HMRC prefers to benefit at whose expense?

Insolvency Bitesize - November 2018

The amount some creditors can expect to receive in a UK liquidation or administration could be set to change following the Chancellor’s proposal to give HMRC a lift-up in the waterfall of payments on insolvency.

In a controversial move, the Government announced in the October 2018 Budget that it will look to claim an extra £185m for taxes already paid by employees and customers and temporarily held by a business which enters insolvency before passing them on to HMRC. This will be achieved by granting HMRC status as a “secondary” preferential creditor from April 2020. The change will apply to Value Added Tax, Pay-As-You-Earn Income Tax, employee National Insurance contributions and Construction Industry Scheme deductions – the rules for taxes owed by the business (such as corporation tax) will remain unchanged.

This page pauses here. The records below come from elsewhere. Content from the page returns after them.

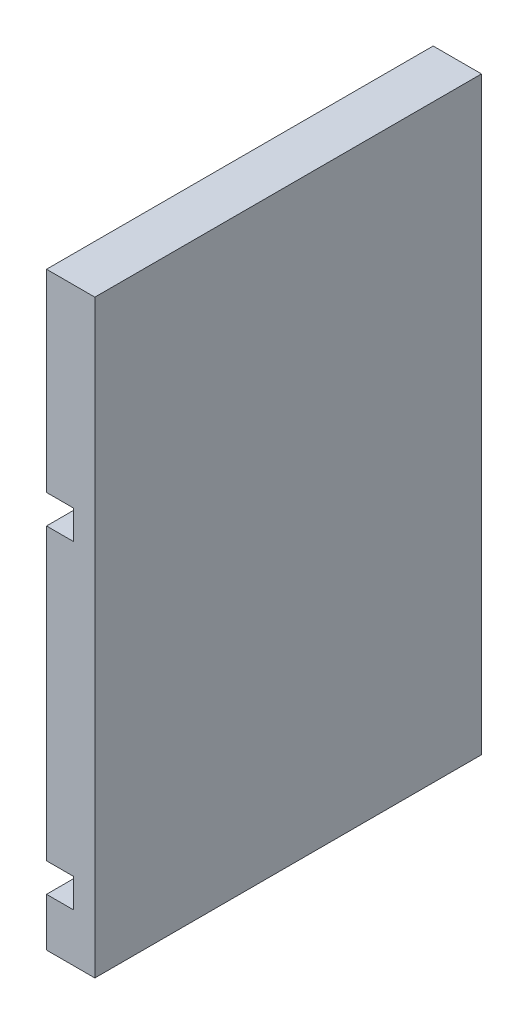
ISO-10303-21;
HEADER;
FILE_DESCRIPTION(('STEP AP214'),'2;1');
FILE_NAME('part.step','',(''),(''),'','','');
FILE_SCHEMA(('AUTOMOTIVE_DESIGN { 1 0 10303 214 1 1 1 1 }'));
ENDSEC;
DATA;
#1=APPLICATION_CONTEXT('core data for automotive mechanical design processes');
#2=APPLICATION_PROTOCOL_DEFINITION('international standard','automotive_design',2000,#1);
#3=PRODUCT_CONTEXT('',#1,'mechanical');
#4=PRODUCT('Part','Part','',(#3));
#5=PRODUCT_RELATED_PRODUCT_CATEGORY('part','',(#4));
#6=PRODUCT_DEFINITION_FORMATION('','',#4);
#7=PRODUCT_DEFINITION_CONTEXT('part definition',#1,'design');
#8=PRODUCT_DEFINITION('design','',#6,#7);
#9=PRODUCT_DEFINITION_SHAPE('','',#8);
#10=(LENGTH_UNIT() NAMED_UNIT(*) SI_UNIT(.MILLI.,.METRE.));
#11=(NAMED_UNIT(*) PLANE_ANGLE_UNIT() SI_UNIT($,.RADIAN.));
#12=(NAMED_UNIT(*) SI_UNIT($,.STERADIAN.) SOLID_ANGLE_UNIT());
#13=UNCERTAINTY_MEASURE_WITH_UNIT(LENGTH_MEASURE(1.E-05),#10,'distance_accuracy_value','');
#14=(GEOMETRIC_REPRESENTATION_CONTEXT(3) GLOBAL_UNCERTAINTY_ASSIGNED_CONTEXT((#13)) GLOBAL_UNIT_ASSIGNED_CONTEXT((#10,
#11,#12)) REPRESENTATION_CONTEXT('',''));
#15=CARTESIAN_POINT('',(0.,0.,0.));
#16=DIRECTION('',(0.,0.,1.));
#17=DIRECTION('',(1.,0.,0.));
#18=AXIS2_PLACEMENT_3D('',#15,#16,#17);
#19=CARTESIAN_POINT('',(0.,30.,40.));
#20=DIRECTION('',(1.,0.,0.));
#21=DIRECTION('',(0.,1.,0.));
#22=AXIS2_PLACEMENT_3D('',#19,#20,#21);
#23=PLANE('',#22);
#24=DIRECTION('',(0.,-1.,0.));
#25=VECTOR('',#24,1.);
#26=CARTESIAN_POINT('',(0.,30.,0.));
#27=LINE('',#26,#25);
#28=CARTESIAN_POINT('',(0.,30.,0.));
#29=VERTEX_POINT('',#28);
#30=CARTESIAN_POINT('',(0.,0.,0.));
#31=VERTEX_POINT('',#30);
#32=EDGE_CURVE('E152',#29,#31,#27,.T.);
#33=ORIENTED_EDGE('',*,*,#32,.T.);
#34=DIRECTION('',(0.,0.,-1.));
#35=VECTOR('',#34,1.);
#36=CARTESIAN_POINT('',(0.,0.,40.));
#37=LINE('',#36,#35);
#38=CARTESIAN_POINT('',(0.,0.,40.));
#39=VERTEX_POINT('',#38);
#40=EDGE_CURVE('E11',#39,#31,#37,.T.);
#41=ORIENTED_EDGE('',*,*,#40,.F.);
#42=DIRECTION('',(0.,-1.,0.));
#43=VECTOR('',#42,1.);
#44=CARTESIAN_POINT('',(0.,30.,40.));
#45=LINE('',#44,#43);
#46=CARTESIAN_POINT('',(0.,30.,40.));
#47=VERTEX_POINT('',#46);
#48=EDGE_CURVE('E174',#47,#39,#45,.T.);
#49=ORIENTED_EDGE('',*,*,#48,.F.);
#50=DIRECTION('',(0.,0.,-1.));
#51=VECTOR('',#50,1.);
#52=CARTESIAN_POINT('',(0.,30.,40.));
#53=LINE('',#52,#51);
#54=EDGE_CURVE('E148',#47,#29,#53,.T.);
#55=ORIENTED_EDGE('',*,*,#54,.T.);
#56=EDGE_LOOP('',(#33,#41,#49,#55));
#57=FACE_BOUND('',#56,.T.);
#58=ADVANCED_FACE('F32',(#57),#23,.F.);
#59=CARTESIAN_POINT('',(2.78764137134926,0.,40.));
#60=DIRECTION('',(0.,1.,0.));
#61=DIRECTION('',(0.,0.,1.));
#62=AXIS2_PLACEMENT_3D('',#59,#60,#61);
#63=PLANE('',#62);
#64=DIRECTION('',(1.,0.,0.));
#65=VECTOR('',#64,1.);
#66=CARTESIAN_POINT('',(2.78764137134926,0.,0.));
#67=LINE('',#66,#65);
#68=CARTESIAN_POINT('',(2.78764137134926,0.,0.));
#69=VERTEX_POINT('',#68);
#70=EDGE_CURVE('E155',#31,#69,#67,.T.);
#71=ORIENTED_EDGE('',*,*,#70,.T.);
#72=DIRECTION('',(0.,0.,-1.));
#73=VECTOR('',#72,1.);
#74=CARTESIAN_POINT('',(2.78764137134926,0.,40.));
#75=LINE('',#74,#73);
#76=CARTESIAN_POINT('',(2.78764137134926,0.,40.));
#77=VERTEX_POINT('',#76);
#78=EDGE_CURVE('E40',#77,#69,#75,.T.);
#79=ORIENTED_EDGE('',*,*,#78,.F.);
#80=DIRECTION('',(1.,0.,0.));
#81=VECTOR('',#80,1.);
#82=CARTESIAN_POINT('',(2.78764137134926,0.,40.));
#83=LINE('',#82,#81);
#84=EDGE_CURVE('E103',#39,#77,#83,.T.);
#85=ORIENTED_EDGE('',*,*,#84,.F.);
#86=ORIENTED_EDGE('',*,*,#40,.T.);
#87=EDGE_LOOP('',(#71,#79,#85,#86));
#88=FACE_BOUND('',#87,.T.);
#89=ADVANCED_FACE('F252',(#88),#63,.F.);
#90=CARTESIAN_POINT('',(2.78764137134926,-3.,40.));
#91=DIRECTION('',(1.,0.,0.));
#92=DIRECTION('',(0.,0.,-1.));
#93=AXIS2_PLACEMENT_3D('',#90,#91,#92);
#94=PLANE('',#93);
#95=DIRECTION('',(0.,-1.,0.));
#96=VECTOR('',#95,1.);
#97=CARTESIAN_POINT('',(2.78764137134926,-3.,0.));
#98=LINE('',#97,#96);
#99=CARTESIAN_POINT('',(2.78764137134926,-3.,0.));
#100=VERTEX_POINT('',#99);
#101=EDGE_CURVE('E157',#69,#100,#98,.T.);
#102=ORIENTED_EDGE('',*,*,#101,.T.);
#103=DIRECTION('',(0.,0.,-1.));
#104=VECTOR('',#103,1.);
#105=CARTESIAN_POINT('',(2.78764137134926,-3.,40.));
#106=LINE('',#105,#104);
#107=CARTESIAN_POINT('',(2.78764137134926,-3.,40.));
#108=VERTEX_POINT('',#107);
#109=EDGE_CURVE('E193',#108,#100,#106,.T.);
#110=ORIENTED_EDGE('',*,*,#109,.F.);
#111=DIRECTION('',(0.,-1.,0.));
#112=VECTOR('',#111,1.);
#113=CARTESIAN_POINT('',(2.78764137134926,-3.,40.));
#114=LINE('',#113,#112);
#115=EDGE_CURVE('E201',#77,#108,#114,.T.);
#116=ORIENTED_EDGE('',*,*,#115,.F.);
#117=ORIENTED_EDGE('',*,*,#78,.T.);
#118=EDGE_LOOP('',(#102,#110,#116,#117));
#119=FACE_BOUND('',#118,.T.);
#120=ADVANCED_FACE('F199',(#119),#94,.F.);
#121=CARTESIAN_POINT('',(0.,-3.,40.));
#122=DIRECTION('',(0.,-1.,0.));
#123=DIRECTION('',(0.,0.,-1.));
#124=AXIS2_PLACEMENT_3D('',#121,#122,#123);
#125=PLANE('',#124);
#126=DIRECTION('',(-1.,0.,0.));
#127=VECTOR('',#126,1.);
#128=CARTESIAN_POINT('',(0.,-3.,0.));
#129=LINE('',#128,#127);
#130=CARTESIAN_POINT('',(0.,-3.,0.));
#131=VERTEX_POINT('',#130);
#132=EDGE_CURVE('E159',#100,#131,#129,.T.);
#133=ORIENTED_EDGE('',*,*,#132,.T.);
#134=DIRECTION('',(0.,0.,-1.));
#135=VECTOR('',#134,1.);
#136=CARTESIAN_POINT('',(0.,-3.,40.));
#137=LINE('',#136,#135);
#138=CARTESIAN_POINT('',(0.,-3.,40.));
#139=VERTEX_POINT('',#138);
#140=EDGE_CURVE('E190',#139,#131,#137,.T.);
#141=ORIENTED_EDGE('',*,*,#140,.F.);
#142=DIRECTION('',(-1.,0.,0.));
#143=VECTOR('',#142,1.);
#144=CARTESIAN_POINT('',(0.,-3.,40.));
#145=LINE('',#144,#143);
#146=EDGE_CURVE('E219',#108,#139,#145,.T.);
#147=ORIENTED_EDGE('',*,*,#146,.F.);
#148=ORIENTED_EDGE('',*,*,#109,.T.);
#149=EDGE_LOOP('',(#133,#141,#147,#148));
#150=FACE_BOUND('',#149,.T.);
#151=ADVANCED_FACE('F210',(#150),#125,.F.);
#152=CARTESIAN_POINT('',(0.,-8.,40.));
#153=DIRECTION('',(1.,0.,0.));
#154=DIRECTION('',(0.,0.,-1.));
#155=AXIS2_PLACEMENT_3D('',#152,#153,#154);
#156=PLANE('',#155);
#157=DIRECTION('',(0.,-1.,0.));
#158=VECTOR('',#157,1.);
#159=CARTESIAN_POINT('',(0.,-8.,0.));
#160=LINE('',#159,#158);
#161=CARTESIAN_POINT('',(0.,-8.,0.));
#162=VERTEX_POINT('',#161);
#163=EDGE_CURVE('E161',#131,#162,#160,.T.);
#164=ORIENTED_EDGE('',*,*,#163,.T.);
#165=DIRECTION('',(0.,0.,-1.));
#166=VECTOR('',#165,1.);
#167=CARTESIAN_POINT('',(0.,-8.,40.));
#168=LINE('',#167,#166);
#169=CARTESIAN_POINT('',(0.,-8.,40.));
#170=VERTEX_POINT('',#169);
#171=EDGE_CURVE('E187',#170,#162,#168,.T.);
#172=ORIENTED_EDGE('',*,*,#171,.F.);
#173=DIRECTION('',(0.,-1.,0.));
#174=VECTOR('',#173,1.);
#175=CARTESIAN_POINT('',(0.,-8.,40.));
#176=LINE('',#175,#174);
#177=EDGE_CURVE('E216',#139,#170,#176,.T.);
#178=ORIENTED_EDGE('',*,*,#177,.F.);
#179=ORIENTED_EDGE('',*,*,#140,.T.);
#180=EDGE_LOOP('',(#164,#172,#178,#179));
#181=FACE_BOUND('',#180,.T.);
#182=ADVANCED_FACE('F214',(#181),#156,.F.);
#183=CARTESIAN_POINT('',(5.,-8.,40.));
#184=DIRECTION('',(0.,1.,0.));
#185=DIRECTION('',(0.,0.,1.));
#186=AXIS2_PLACEMENT_3D('',#183,#184,#185);
#187=PLANE('',#186);
#188=DIRECTION('',(1.,0.,0.));
#189=VECTOR('',#188,1.);
#190=CARTESIAN_POINT('',(5.,-8.,0.));
#191=LINE('',#190,#189);
#192=CARTESIAN_POINT('',(5.,-8.,0.));
#193=VERTEX_POINT('',#192);
#194=EDGE_CURVE('E163',#162,#193,#191,.T.);
#195=ORIENTED_EDGE('',*,*,#194,.T.);
#196=DIRECTION('',(0.,0.,-1.));
#197=VECTOR('',#196,1.);
#198=CARTESIAN_POINT('',(5.,-8.,40.));
#199=LINE('',#198,#197);
#200=CARTESIAN_POINT('',(5.,-8.,40.));
#201=VERTEX_POINT('',#200);
#202=EDGE_CURVE('E184',#201,#193,#199,.T.);
#203=ORIENTED_EDGE('',*,*,#202,.F.);
#204=DIRECTION('',(1.,0.,0.));
#205=VECTOR('',#204,1.);
#206=CARTESIAN_POINT('',(5.,-8.,40.));
#207=LINE('',#206,#205);
#208=EDGE_CURVE('E218',#170,#201,#207,.T.);
#209=ORIENTED_EDGE('',*,*,#208,.F.);
#210=ORIENTED_EDGE('',*,*,#171,.T.);
#211=EDGE_LOOP('',(#195,#203,#209,#210));
#212=FACE_BOUND('',#211,.T.);
#213=ADVANCED_FACE('F265',(#212),#187,.F.);
#214=CARTESIAN_POINT('',(4.99999999999999,53.,40.));
#215=DIRECTION('',(-1.,0.,0.));
#216=DIRECTION('',(0.,-1.,0.));
#217=AXIS2_PLACEMENT_3D('',#214,#215,#216);
#218=PLANE('',#217);
#219=DIRECTION('',(0.,1.,0.));
#220=VECTOR('',#219,1.);
#221=CARTESIAN_POINT('',(4.99999999999999,53.,0.));
#222=LINE('',#221,#220);
#223=CARTESIAN_POINT('',(4.99999999999999,53.,0.));
#224=VERTEX_POINT('',#223);
#225=EDGE_CURVE('E165',#193,#224,#222,.T.);
#226=ORIENTED_EDGE('',*,*,#225,.T.);
#227=DIRECTION('',(0.,0.,-1.));
#228=VECTOR('',#227,1.);
#229=CARTESIAN_POINT('',(4.99999999999999,53.,40.));
#230=LINE('',#229,#228);
#231=CARTESIAN_POINT('',(4.99999999999999,53.,40.));
#232=VERTEX_POINT('',#231);
#233=EDGE_CURVE('E181',#232,#224,#230,.T.);
#234=ORIENTED_EDGE('',*,*,#233,.F.);
#235=DIRECTION('',(0.,1.,0.));
#236=VECTOR('',#235,1.);
#237=CARTESIAN_POINT('',(4.99999999999999,53.,40.));
#238=LINE('',#237,#236);
#239=EDGE_CURVE('E221',#201,#232,#238,.T.);
#240=ORIENTED_EDGE('',*,*,#239,.F.);
#241=ORIENTED_EDGE('',*,*,#202,.T.);
#242=EDGE_LOOP('',(#226,#234,#240,#241));
#243=FACE_BOUND('',#242,.T.);
#244=ADVANCED_FACE('F268',(#243),#218,.F.);
#245=CARTESIAN_POINT('',(0.,53.,40.));
#246=DIRECTION('',(0.,-1.,0.));
#247=DIRECTION('',(0.,0.,-1.));
#248=AXIS2_PLACEMENT_3D('',#245,#246,#247);
#249=PLANE('',#248);
#250=DIRECTION('',(-1.,0.,0.));
#251=VECTOR('',#250,1.);
#252=CARTESIAN_POINT('',(0.,53.,0.));
#253=LINE('',#252,#251);
#254=CARTESIAN_POINT('',(0.,53.,0.));
#255=VERTEX_POINT('',#254);
#256=EDGE_CURVE('E167',#224,#255,#253,.T.);
#257=ORIENTED_EDGE('',*,*,#256,.T.);
#258=DIRECTION('',(0.,0.,-1.));
#259=VECTOR('',#258,1.);
#260=CARTESIAN_POINT('',(0.,53.,40.));
#261=LINE('',#260,#259);
#262=CARTESIAN_POINT('',(0.,53.,40.));
#263=VERTEX_POINT('',#262);
#264=EDGE_CURVE('E178',#263,#255,#261,.T.);
#265=ORIENTED_EDGE('',*,*,#264,.F.);
#266=DIRECTION('',(-1.,0.,0.));
#267=VECTOR('',#266,1.);
#268=CARTESIAN_POINT('',(0.,53.,40.));
#269=LINE('',#268,#267);
#270=EDGE_CURVE('E227',#232,#263,#269,.T.);
#271=ORIENTED_EDGE('',*,*,#270,.F.);
#272=ORIENTED_EDGE('',*,*,#233,.T.);
#273=EDGE_LOOP('',(#257,#265,#271,#272));
#274=FACE_BOUND('',#273,.T.);
#275=ADVANCED_FACE('F233',(#274),#249,.F.);
#276=CARTESIAN_POINT('',(0.,53.,40.));
#277=DIRECTION('',(1.,0.,0.));
#278=DIRECTION('',(0.,1.,0.));
#279=AXIS2_PLACEMENT_3D('',#276,#277,#278);
#280=PLANE('',#279);
#281=DIRECTION('',(0.,-1.,0.));
#282=VECTOR('',#281,1.);
#283=CARTESIAN_POINT('',(0.,53.,0.));
#284=LINE('',#283,#282);
#285=CARTESIAN_POINT('',(0.,33.,0.));
#286=VERTEX_POINT('',#285);
#287=EDGE_CURVE('E169',#255,#286,#284,.T.);
#288=ORIENTED_EDGE('',*,*,#287,.T.);
#289=DIRECTION('',(0.,0.,-1.));
#290=VECTOR('',#289,1.);
#291=CARTESIAN_POINT('',(0.,33.,40.));
#292=LINE('',#291,#290);
#293=CARTESIAN_POINT('',(0.,33.,40.));
#294=VERTEX_POINT('',#293);
#295=EDGE_CURVE('E143',#294,#286,#292,.T.);
#296=ORIENTED_EDGE('',*,*,#295,.F.);
#297=DIRECTION('',(0.,-1.,0.));
#298=VECTOR('',#297,1.);
#299=CARTESIAN_POINT('',(0.,53.,40.));
#300=LINE('',#299,#298);
#301=EDGE_CURVE('E134',#263,#294,#300,.T.);
#302=ORIENTED_EDGE('',*,*,#301,.F.);
#303=ORIENTED_EDGE('',*,*,#264,.T.);
#304=EDGE_LOOP('',(#288,#296,#302,#303));
#305=FACE_BOUND('',#304,.T.);
#306=ADVANCED_FACE('F237',(#305),#280,.F.);
#307=CARTESIAN_POINT('',(0.,33.,40.));
#308=DIRECTION('',(0.,1.,0.));
#309=DIRECTION('',(0.,0.,1.));
#310=AXIS2_PLACEMENT_3D('',#307,#308,#309);
#311=PLANE('',#310);
#312=DIRECTION('',(1.,0.,0.));
#313=VECTOR('',#312,1.);
#314=CARTESIAN_POINT('',(0.,33.,0.));
#315=LINE('',#314,#313);
#316=CARTESIAN_POINT('',(2.78764137134926,33.,0.));
#317=VERTEX_POINT('',#316);
#318=EDGE_CURVE('E142',#286,#317,#315,.T.);
#319=ORIENTED_EDGE('',*,*,#318,.T.);
#320=DIRECTION('',(0.,0.,-1.));
#321=VECTOR('',#320,1.);
#322=CARTESIAN_POINT('',(2.78764137134926,33.,40.));
#323=LINE('',#322,#321);
#324=CARTESIAN_POINT('',(2.78764137134926,33.,40.));
#325=VERTEX_POINT('',#324);
#326=EDGE_CURVE('E139',#325,#317,#323,.T.);
#327=ORIENTED_EDGE('',*,*,#326,.F.);
#328=DIRECTION('',(1.,0.,0.));
#329=VECTOR('',#328,1.);
#330=CARTESIAN_POINT('',(0.,33.,40.));
#331=LINE('',#330,#329);
#332=EDGE_CURVE('E128',#294,#325,#331,.T.);
#333=ORIENTED_EDGE('',*,*,#332,.F.);
#334=ORIENTED_EDGE('',*,*,#295,.T.);
#335=EDGE_LOOP('',(#319,#327,#333,#334));
#336=FACE_BOUND('',#335,.T.);
#337=ADVANCED_FACE('F140',(#336),#311,.F.);
#338=CARTESIAN_POINT('',(2.78764137134926,33.,40.));
#339=DIRECTION('',(1.,0.,0.));
#340=DIRECTION('',(0.,1.,0.));
#341=AXIS2_PLACEMENT_3D('',#338,#339,#340);
#342=PLANE('',#341);
#343=DIRECTION('',(0.,-1.,0.));
#344=VECTOR('',#343,1.);
#345=CARTESIAN_POINT('',(2.78764137134926,33.,0.));
#346=LINE('',#345,#344);
#347=CARTESIAN_POINT('',(2.78764137134926,30.,0.));
#348=VERTEX_POINT('',#347);
#349=EDGE_CURVE('E89',#317,#348,#346,.T.);
#350=ORIENTED_EDGE('',*,*,#349,.T.);
#351=DIRECTION('',(0.,0.,-1.));
#352=VECTOR('',#351,1.);
#353=CARTESIAN_POINT('',(2.78764137134926,30.,40.));
#354=LINE('',#353,#352);
#355=CARTESIAN_POINT('',(2.78764137134926,30.,40.));
#356=VERTEX_POINT('',#355);
#357=EDGE_CURVE('E144',#356,#348,#354,.T.);
#358=ORIENTED_EDGE('',*,*,#357,.F.);
#359=DIRECTION('',(0.,-1.,0.));
#360=VECTOR('',#359,1.);
#361=CARTESIAN_POINT('',(2.78764137134926,33.,40.));
#362=LINE('',#361,#360);
#363=EDGE_CURVE('E132',#325,#356,#362,.T.);
#364=ORIENTED_EDGE('',*,*,#363,.F.);
#365=ORIENTED_EDGE('',*,*,#326,.T.);
#366=EDGE_LOOP('',(#350,#358,#364,#365));
#367=FACE_BOUND('',#366,.T.);
#368=ADVANCED_FACE('F146',(#367),#342,.F.);
#369=CARTESIAN_POINT('',(2.78764137134926,30.,40.));
#370=DIRECTION('',(0.,-1.,0.));
#371=DIRECTION('',(0.,0.,-1.));
#372=AXIS2_PLACEMENT_3D('',#369,#370,#371);
#373=PLANE('',#372);
#374=DIRECTION('',(-1.,0.,0.));
#375=VECTOR('',#374,1.);
#376=CARTESIAN_POINT('',(2.78764137134926,30.,0.));
#377=LINE('',#376,#375);
#378=EDGE_CURVE('E95',#348,#29,#377,.T.);
#379=ORIENTED_EDGE('',*,*,#378,.T.);
#380=ORIENTED_EDGE('',*,*,#54,.F.);
#381=DIRECTION('',(-1.,0.,0.));
#382=VECTOR('',#381,1.);
#383=CARTESIAN_POINT('',(2.78764137134926,30.,40.));
#384=LINE('',#383,#382);
#385=EDGE_CURVE('E48',#356,#47,#384,.T.);
#386=ORIENTED_EDGE('',*,*,#385,.F.);
#387=ORIENTED_EDGE('',*,*,#357,.T.);
#388=EDGE_LOOP('',(#379,#380,#386,#387));
#389=FACE_BOUND('',#388,.T.);
#390=ADVANCED_FACE('F241',(#389),#373,.F.);
#391=CARTESIAN_POINT('',(0.,0.,40.));
#392=DIRECTION('',(0.,0.,-1.));
#393=DIRECTION('',(-1.,0.,0.));
#394=AXIS2_PLACEMENT_3D('',#391,#392,#393);
#395=PLANE('',#394);
#396=ORIENTED_EDGE('',*,*,#48,.T.);
#397=ORIENTED_EDGE('',*,*,#84,.T.);
#398=ORIENTED_EDGE('',*,*,#115,.T.);
#399=ORIENTED_EDGE('',*,*,#146,.T.);
#400=ORIENTED_EDGE('',*,*,#177,.T.);
#401=ORIENTED_EDGE('',*,*,#208,.T.);
#402=ORIENTED_EDGE('',*,*,#239,.T.);
#403=ORIENTED_EDGE('',*,*,#270,.T.);
#404=ORIENTED_EDGE('',*,*,#301,.T.);
#405=ORIENTED_EDGE('',*,*,#332,.T.);
#406=ORIENTED_EDGE('',*,*,#363,.T.);
#407=ORIENTED_EDGE('',*,*,#385,.T.);
#408=EDGE_LOOP('',(#396,#397,#398,#399,#400,#401,#402,#403,#404,#405,#406,#407));
#409=FACE_BOUND('',#408,.T.);
#410=ADVANCED_FACE('F130',(#409),#395,.F.);
#411=CARTESIAN_POINT('',(0.,0.,0.));
#412=DIRECTION('',(0.,0.,-1.));
#413=DIRECTION('',(-1.,0.,0.));
#414=AXIS2_PLACEMENT_3D('',#411,#412,#413);
#415=PLANE('',#414);
#416=ORIENTED_EDGE('',*,*,#32,.F.);
#417=ORIENTED_EDGE('',*,*,#378,.F.);
#418=ORIENTED_EDGE('',*,*,#349,.F.);
#419=ORIENTED_EDGE('',*,*,#318,.F.);
#420=ORIENTED_EDGE('',*,*,#287,.F.);
#421=ORIENTED_EDGE('',*,*,#256,.F.);
#422=ORIENTED_EDGE('',*,*,#225,.F.);
#423=ORIENTED_EDGE('',*,*,#194,.F.);
#424=ORIENTED_EDGE('',*,*,#163,.F.);
#425=ORIENTED_EDGE('',*,*,#132,.F.);
#426=ORIENTED_EDGE('',*,*,#101,.F.);
#427=ORIENTED_EDGE('',*,*,#70,.F.);
#428=EDGE_LOOP('',(#416,#417,#418,#419,#420,#421,#422,#423,#424,#425,#426,#427));
#429=FACE_BOUND('',#428,.T.);
#430=ADVANCED_FACE('F205',(#429),#415,.T.);
#431=CLOSED_SHELL('',(#58,#89,#120,#151,#182,#213,#244,#275,#306,#337,#368,#390,#410,#430));
#432=MANIFOLD_SOLID_BREP('B2',#431);
#433=ADVANCED_BREP_SHAPE_REPRESENTATION('',(#18,#432),#14);
#434=SHAPE_DEFINITION_REPRESENTATION(#9,#433);
ENDSEC;
END-ISO-10303-21;

As a secondary preferential creditor, HMRC will rank behind ordinary preferential creditors (mostly certain employee-related claims) but ahead of floating (not fixed) charge holders. HMRC lost its Crown Preference status over 15 years ago as part of the Enterprise Act reforms, so the proposal for its partial reintroduction is seen by many in the restructuring and insolvency community as something of a backwards step.

The Government considers that overall the change would have no material impact on lending levels given that the debts lenders would no longer recover “are a very small fraction of total lending”. However, in individual cases, HMRC’s improved status could impact on the cost of lending. A floating charge holder would see its recoveries reduced which could be particularly relevant, for example, in businesses that have large numbers of employees.

With HMRC able to recover amounts ahead of ordinary unsecured creditors, they too can expect to receive less. The Government suggests that they currently only recover 4% of debts owed on average and so “most will be unaffected”. Such creditors may not be quite as sanguine, however, on learning that what little they might otherwise receive might now be even less. Pension trustees might have to consider the impact of the proposed change as part of their ongoing covenant reviews and on their approach to restructuring negotiations.

The change should also be seen alongside the Government’s recent proposals for reform to UK corporate insolvency law in which it announced a prospective increase in the cap on the prescribed part from £600,000 to £800,000 (in line with inflation since its introduction). This would further reduce the recoveries of floating charge holders, but perhaps more significantly any benefit this increase might otherwise have given to unsecured creditors will now be reduced, since preferential creditors are paid ahead of the prescribed part.

Whether HMRC’s improved position could affect its attitude to winding-up petitions and time to pay arrangements will be watched keenly. So too will its attitude to supporting CVAs – particularly as they will not be able to affect HMRC’s preferential claim (without its consent).